VipDiff: Towards Coherent and Diverse Video Inpainting via Training-free Denoising Diffusion Models
Journal:
arXiv
Published Date:
Jan 21, 2025
Abstract
Recent video inpainting methods have achieved encouraging improvements by
leveraging optical flow to guide pixel propagation from reference frames either
in the image space or feature space. However, they would produce severe
artifacts in the mask center when the masked area is too large and no pixel
correspondences can be found for the center. Recently, diffusion models have
demonstrated impressive performance in generating diverse and high-quality
images, and have been exploited in a number of works for image inpainting.
These methods, however, cannot be applied directly to videos to produce
temporal-coherent inpainting results. In this paper, we propose a training-free
framework, named VipDiff, for conditioning diffusion model on the reverse
diffusion process to produce temporal-coherent inpainting results without
requiring any training data or fine-tuning the pre-trained diffusion models.
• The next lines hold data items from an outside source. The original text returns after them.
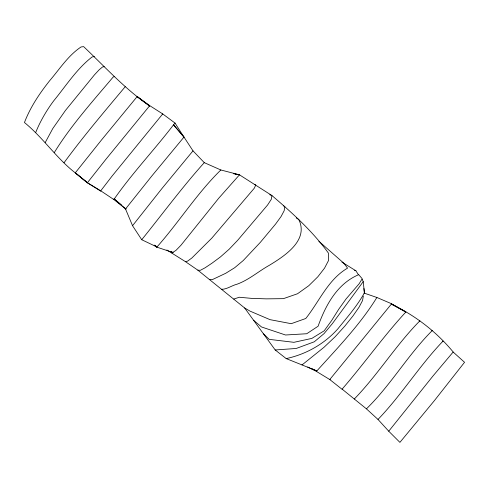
<?xml version="1.0" encoding="UTF-8"?>
<svg xmlns="http://www.w3.org/2000/svg" width="489" height="489" viewBox="0 0 489 489"><rect width="100%" height="100%" fill="white"/><g stroke="black" fill="none" stroke-linecap="round" stroke-linejoin="round"><path stroke-width="0.73" d="M126.064 209.047L113.851 199.549L100.746 190.808L87.384 182.745L75.263 172.862L101.498 139.982L137.122 96.633L149.738 105.648L162.721 113.931L175.05 123.081L173.546 124.811L183.87 136.896L193.002 150.844L204.268 162.648L220.845 169.97L239.469 174.824L271.902 195.521L271.352 199.225L267.569 205.025L237.654 240.313L229.152 249.231L220.441 256.927L212.018 263.168L205.068 267.801L200.319 270.331L197.819 270.148L185.41 261.627L166.859 249.983M363.321 296.071L362.551 300.539L359.012 307.257L352.972 315.918L344.934 325.967L335.209 336.695L323.987 347.3L302.043 364.935L286.187 358.59L275.203 349.971L244.653 307.984L197.819 270.148M364.024 293.058L376.878 297.477C360.21 324.549 337.654 347.795 316.42 371.408L307.715 366.976M113.851 199.549C131.957 173.454 154.2 150.105 173.546 124.811L183.956 137.109L152.03 175.728L125.526 208.98L132.543 225.698L141.731 239.726L156.969 246.988C179.053 222.03 197.006 193.296 220.845 169.97M149.622 105.972L149.738 105.648L105.991 159.188L87.384 182.745L75.263 172.862C56.333 158.106 43.038 137.641 24.45 122.519C30.318 107.189 39.517 93.485 49.682 80.685C59.627 69.083 68.154 55.55 81.052 46.956L83.637 46.626C105.129 66.975 125.068 89.096 149.622 105.972L137.33 96.541M162.599 114.292L162.721 113.931L112.054 176.107L100.746 190.808M302.361 364.25L302.043 364.935L316.841 370.974L311.322 368.413M362.233 279.292L363.235 281.64L364.397 292.85C357.239 305.955 347.221 317.208 337.905 328.791C324.482 343.92 305.931 354.415 286.187 358.59M453.15 352.043L464.55 362.282L434.354 400.68L399.91 442.374L388.743 431.212L433.034 375.937L453.181 352.001C436.371 331.652 415.155 315.442 391.347 304.103L329.775 379.537L316.42 371.408M363.235 281.64L332.392 323.59L324.036 333.632L314.286 341.793L296.224 348.468L275.203 349.971M132.543 225.698L162.195 188.204L193.002 150.844M141.731 239.726C162.489 213.98 182.159 187.263 204.268 162.648M405.846 312.031L391.628 303.773L391.347 304.103L405.846 312.031C383.608 336.084 363.834 364.14 342.007 389.244L329.775 379.537L330.063 379.33M388.743 431.212L378.009 419.44C401.573 394.923 419.519 365.613 443.089 341.047L442.82 341.218M233.669 173.766L239.469 174.824L218.656 198.314L180.887 245.325L176.028 250.325L171.939 253.015M125.942 208.638L125.526 208.98L114.047 198.797L121.413 204.891M342.184 389.171L354.305 399.012C378.034 374.574 395.925 345.045 419.929 320.772L419.611 320.967M432.013 330.656L432.398 330.417C408.095 354.592 390.907 384.971 366.432 408.847L354.305 399.012M233.779 299.048L239.31 297.245L251.395 298.357L266.291 298.858L283.431 298.651L297.52 293.748L308.779 285.71L317.838 276.774L324.543 268.143L328.553 260.472L328.419 253.1C312.618 231.23 292.33 212.996 271.902 195.521M45.251 142.495L52.806 128.497L65.471 110.422L94.45 74.848L99.249 69.707L102.617 66.92L104.218 66.687M54.242 152.66C70.508 126.083 92.782 101.186 113.283 76.914L114.126 76.761M64.041 162.745C82.678 137.232 104.499 111.455 125.221 86.706M35.752 132.385C39.939 121.828 46.687 110.086 53.961 100.514C66.156 85.624 76.804 68.753 92.177 56.901L94.414 56.608M185.41 261.627L187.611 261.132L191.908 257.954L211.804 238.143L254.292 188.21L255.778 184.983L254.298 184.414M154.169 245.068L156.388 246.988L156.969 246.988L155.227 245.551M221.334 289.329C226.914 289.427 231.78 285.442 237.141 284.176C248.987 279.836 258.492 271.322 269.415 265.246C284.409 256.114 309.097 240.288 298.748 219.469L296.273 217.966M239.469 174.824L235.588 174.133M209.433 279.58L212.195 279.69L225.765 273.265L234.677 267.727L243.229 260.545L260.374 242.299L275.607 224.041L281.034 216.584L284.164 210.728L284.818 206.651L283.644 205.906M354.482 270.307L355.894 270.772L358.437 274.787C337.068 283.913 325.552 305.393 318.088 326.236L306.737 333.736L285.521 334.996L261.505 326.964L253.491 320.203M156.388 246.988L173.106 252.581L171.132 251.548M269.751 194.738L271.181 195.258M376.878 297.477L391.628 303.773M87.384 182.745L100.758 191.162M341.927 262.128L355.894 270.772M244.653 307.984L249.958 311.096L270.014 319.653L291.218 323.687L305.778 318.492C319.335 301.475 328.003 279.561 347.557 268.125L343.895 263.265L318.859 241.254M75.422 172.843L87.513 182.813M366.432 408.847L378.009 419.44M263.54 333.883L269.213 339.354L293.92 342.318L311.866 338.4L324.176 330.821L331.713 320.417L338.724 309.25L346.053 298.962L359.152 283.742L362.221 278.748L358.724 274.684M175.05 123.081L183.956 137.109M363.944 288.528L364.397 292.85"/></g></svg>
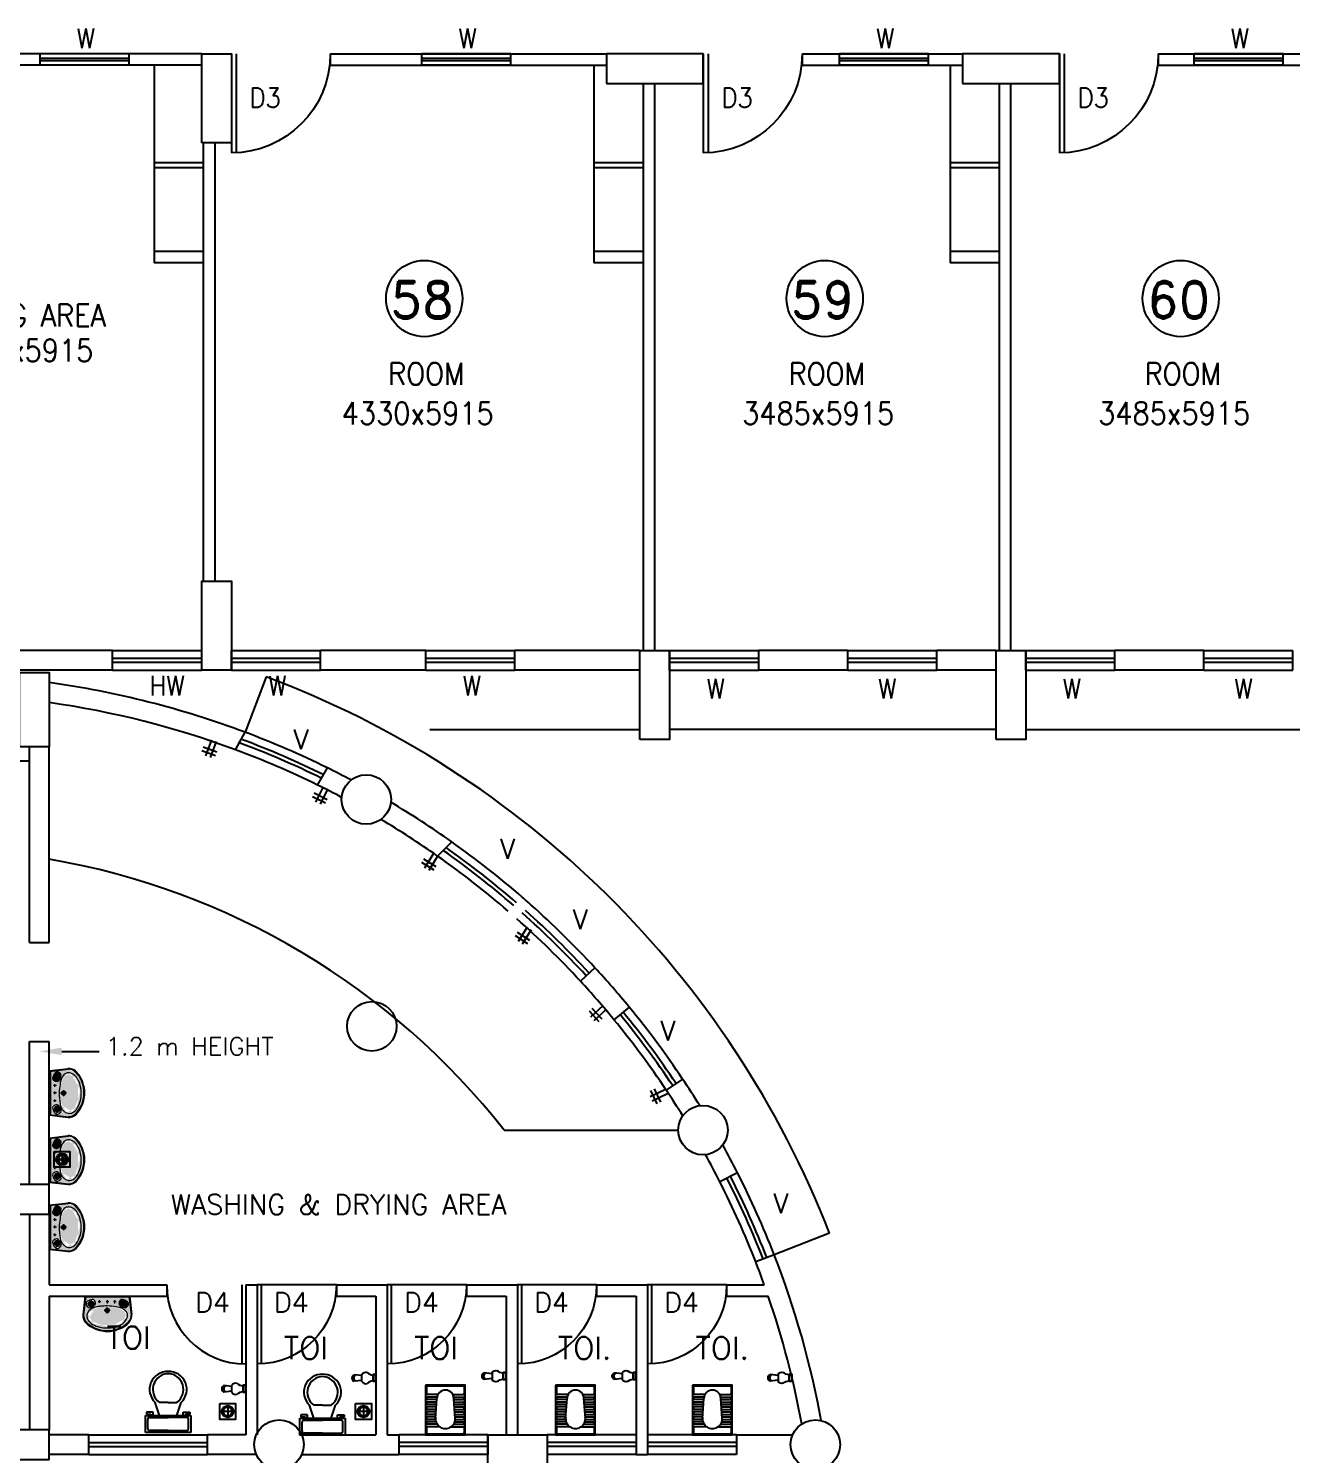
# Model space of a CAD drawing. Extents: x 10161149 to 10263331, y -3696053 to -3547728.
# Drawn here: x 10221546 to 10234311, y -3619103 to -3604686 of the extents above; entities that cross this region are included whole.
import ezdxf

# ---------------------------------------------------------------- set-up
doc = ezdxf.new("R2010")
doc.units = 0
doc.header["$MEASUREMENT"] = 0
doc.linetypes.add('DASHED', pattern=[0.75, 0.5, -0.25])
for name, color, linetype in [('25', 6, 'CONTINUOUS'), ('35', 1, 'CONTINUOUS'), ('5', 3, 'CONTINUOUS'), ('COL', 2, 'CONTINUOUS'), ('DAS', 1, 'DASHED'), ('DIM', 8, 'CONTINUOUS'), ('dim1', 5, 'CONTINUOUS'), ('DOOR', 31, 'CONTINUOUS'), ('EWC', 5, 'CONTINUOUS'), ('Exi. Walls', 170, 'CONTINUOUS'), ('floor trap', 9, 'CONTINUOUS'), ('Furn-Hat', 145, 'CONTINUOUS'), ('SUNSHADE', 7, 'CONTINUOUS'), ('tap', 8, 'CONTINUOUS'), ('Toi-Euip', 8, 'CONTINUOUS'), ('TXW', 6, 'CONTINUOUS'), ('Venti', 161, 'CONTINUOUS'), ('WATERLINE', 124, 'CONTINUOUS'), ('Window', 4, 'CONTINUOUS')]:
    doc.layers.add(name, color=color, linetype=linetype)
doc.layers.add('toi-fix', color=46, linetype='CONTINUOUS', lineweight=18)
doc.styles.add('RD', font='ROMAND')
doc.styles.get("Standard").update_dxf_attribs({"font": 'romans.shx'})

# ---------------------------------------------------------------- blocks, each defined once
blk = doc.blocks.new('DOORP')
at = {"layer": 'DOOR'}
for p, q in [((0, 0), (0, 1)), ((0.05, 0), (0.05, 0.999))]:
    blk.add_line(p, q, dxfattribs=at)
at = {"layer": 'DOOR', "color": 145}
blk.add_arc((0, 0), 1, 0, 90, dxfattribs=at)
blk = doc.blocks.new('VENTP')
at = {"layer": 'Venti'}
for p, q in [((0, 0), (0, 1)), ((0, 1), (1, 1)), ((1, 0), (1, 1)), ((0, 0), (1, 0))]:
    blk.add_line(p, q, dxfattribs=at)
at = {"layer": 'Venti', "ltscale": 2}
for p, q in [((0, 0.6), (1, 0.6)), ((0, 0.4), (1, 0.4))]:
    blk.add_line(p, q, dxfattribs=at)
blk = doc.blocks.new('2')
at = {"layer": 'Furn-Hat'}
h = blk.add_hatch(color=200, dxfattribs=at)
h.set_gradient(color1=(176, 43, 238), color2=(222, 165, 248), one_color=1, tint=0.81, name='SPHERICAL')
edge = h.paths.add_edge_path()
edge.add_ellipse((0.83, 2.39), major_axis=(0, 2.74), ratio=1, start_angle=253.1333, end_angle=282.8458)
edge.add_ellipse((0.66, 2.28), major_axis=(0, 2.87), ratio=1, start_angle=226.9131, end_angle=256.353, ccw=False)
edge.add_ellipse((1.97, 1.03), major_axis=(0, 1.06), ratio=1, start_angle=191.403, end_angle=227.6151, ccw=False)
edge.add_ellipse((1.95, 0.79), major_axis=(-0.001, 0.832), ratio=1, start_angle=172.9435, end_angle=196.7003, ccw=False)
edge.add_line((1.85, -0.04), (0, 0.17))
edge.add_ellipse((-0.15, 0.37), major_axis=(0, 0.247), ratio=1, start_angle=216.2128, end_angle=239.0995)
edge.add_line((0.07, 0.24), (1.91, 0.03))
edge.add_ellipse((1.98, 0.81), major_axis=(0, 0.781), ratio=1, start_angle=174.8376, end_angle=213.1867)
edge.add_ellipse((1.82, 1.24), major_axis=(0, 1.23), ratio=1, start_angle=208.7339, end_angle=238.1069)
edge.add_ellipse((1.35, 1.89), major_axis=(0, 2), ratio=1, start_angle=229.2631, end_angle=252.9591)
edge.add_ellipse((0.45, 2.43), major_axis=(0, 3.03), ratio=1, start_angle=248.1478, end_angle=293.8025)
edge.add_ellipse((0.67, 2.61), major_axis=(0, 2.75), ratio=1, start_angle=292.3386, end_angle=313.7886)
edge.add_ellipse((1.96, 3.88), major_axis=(0.001, 0.944), ratio=1, start_angle=311.9795, end_angle=362.8452)
edge.add_line((1.91, 4.83), (0.06, 4.62))
edge.add_ellipse((-0.22, 4.44), major_axis=(0, 0.335), ratio=1, start_angle=301.9908, end_angle=318.3316)
edge.add_line((0, 4.69), (1.85, 4.9))
edge.add_ellipse((1.98, 3.91), major_axis=(0, 0.995), ratio=1, start_angle=311.3713, end_angle=367.5939, ccw=False)
edge.add_ellipse((0.6, 2.54), major_axis=(0, 2.94), ratio=1, start_angle=278.9603, end_angle=313.5987, ccw=False)
h = blk.add_hatch(color=200, dxfattribs=at)
h.set_gradient(color1=(176, 43, 238), color2=(222, 165, 248), one_color=1, tint=0.81, name='INVCYLINDER')
edge = h.paths.add_edge_path()
edge.add_ellipse((-0.15, 0.37), major_axis=(0, 0.247), ratio=1, start_angle=239.0995, end_angle=258.8462, ccw=False)
edge.add_line((0.07, 0.24), (0, 0.25))
edge.add_line((0, 0.25), (0, 4.61))
edge.add_line((0, 4.61), (0.06, 4.62))
edge.add_ellipse((-0.22, 4.44), major_axis=(0, 0.335), ratio=1, start_angle=279.6212, end_angle=301.9908, ccw=False)
edge.add_line((0.11, 4.5), (0.1, 0.32))
h = blk.add_hatch(color=201, dxfattribs=at)
h.set_gradient(color1=(213, 142, 246), color2=(222, 165, 248), one_color=1, tint=0.81, name='SPHERICAL')
edge = h.paths.add_edge_path()
edge.add_ellipse((-0.22, 4.44), major_axis=(0, 0.335), ratio=1, start_angle=279.6212, end_angle=301.9908)
edge.add_line((0.06, 4.62), (1.91, 4.83))
edge.add_ellipse((1.96, 3.88), major_axis=(0.001, 0.944), ratio=1, start_angle=311.9795, end_angle=362.8452, ccw=False)
edge.add_ellipse((0.67, 2.61), major_axis=(0, 2.75), ratio=1, start_angle=292.3386, end_angle=313.7886, ccw=False)
edge.add_ellipse((0.45, 2.43), major_axis=(0, 3.03), ratio=1, start_angle=248.1478, end_angle=293.8025, ccw=False)
edge.add_ellipse((1.35, 1.89), major_axis=(0, 2), ratio=1, start_angle=229.2631, end_angle=252.9591, ccw=False)
edge.add_ellipse((1.82, 1.24), major_axis=(0, 1.23), ratio=1, start_angle=208.7339, end_angle=238.1069, ccw=False)
edge.add_ellipse((1.98, 0.81), major_axis=(0, 0.781), ratio=1, start_angle=174.8376, end_angle=213.1867, ccw=False)
edge.add_line((1.91, 0.03), (0.07, 0.24))
edge.add_ellipse((-0.15, 0.37), major_axis=(0, 0.247), ratio=1, start_angle=239.0995, end_angle=258.8462)
edge.add_line((0.1, 0.32), (0.11, 4.5))
edge = h.paths.add_edge_path(flags=16)
edge.add_ellipse((0.54, 1.68), major_axis=(0.0002, 0.0643), ratio=1, start_angle=0, end_angle=360, ccw=False)
edge = h.paths.add_edge_path(flags=16)
edge.add_ellipse((0.75, 0.77), major_axis=(0.001, 0.492), ratio=1, start_angle=372.9151, end_angle=415.0496)
edge.add_ellipse((0.66, 0.93), major_axis=(0, 0.34), ratio=1, start_angle=68.6534, end_angle=118.0903)
edge.add_ellipse((1.55, 1.19), major_axis=(0, 1.26), ratio=1, start_angle=109.4436, end_angle=129.259)
edge.add_ellipse((0.76, 0.48), major_axis=(0, 0.207), ratio=1, start_angle=116.7852, end_angle=207.4853)
edge.add_ellipse((0.68, 0.84), major_axis=(0.003, 0.569), ratio=1, start_angle=198.6155, end_angle=235.2982)
edge.add_ellipse((1.01, 0.63), major_axis=(0, 0.179), ratio=1, start_angle=230.4595, end_angle=309.5311)
edge.add_arc((1.2, 0.8), 0.086, 143.8926, 223.9597, ccw=False)
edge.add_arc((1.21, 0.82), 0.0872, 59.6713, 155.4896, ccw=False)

VipDiff takes optical flow as guidance to extract valid pixels from reference
frames to serve as constraints in optimizing the randomly sampled Gaussian
noise, and uses the generated results for further pixel propagation and
conditional generation. VipDiff also allows for generating diverse video
inpainting results over different sampled noise. Experiments demonstrate that
VipDiff can largely outperform state-of-the-art video inpainting methods in
terms of both spatial-temporal coherence and fidelity.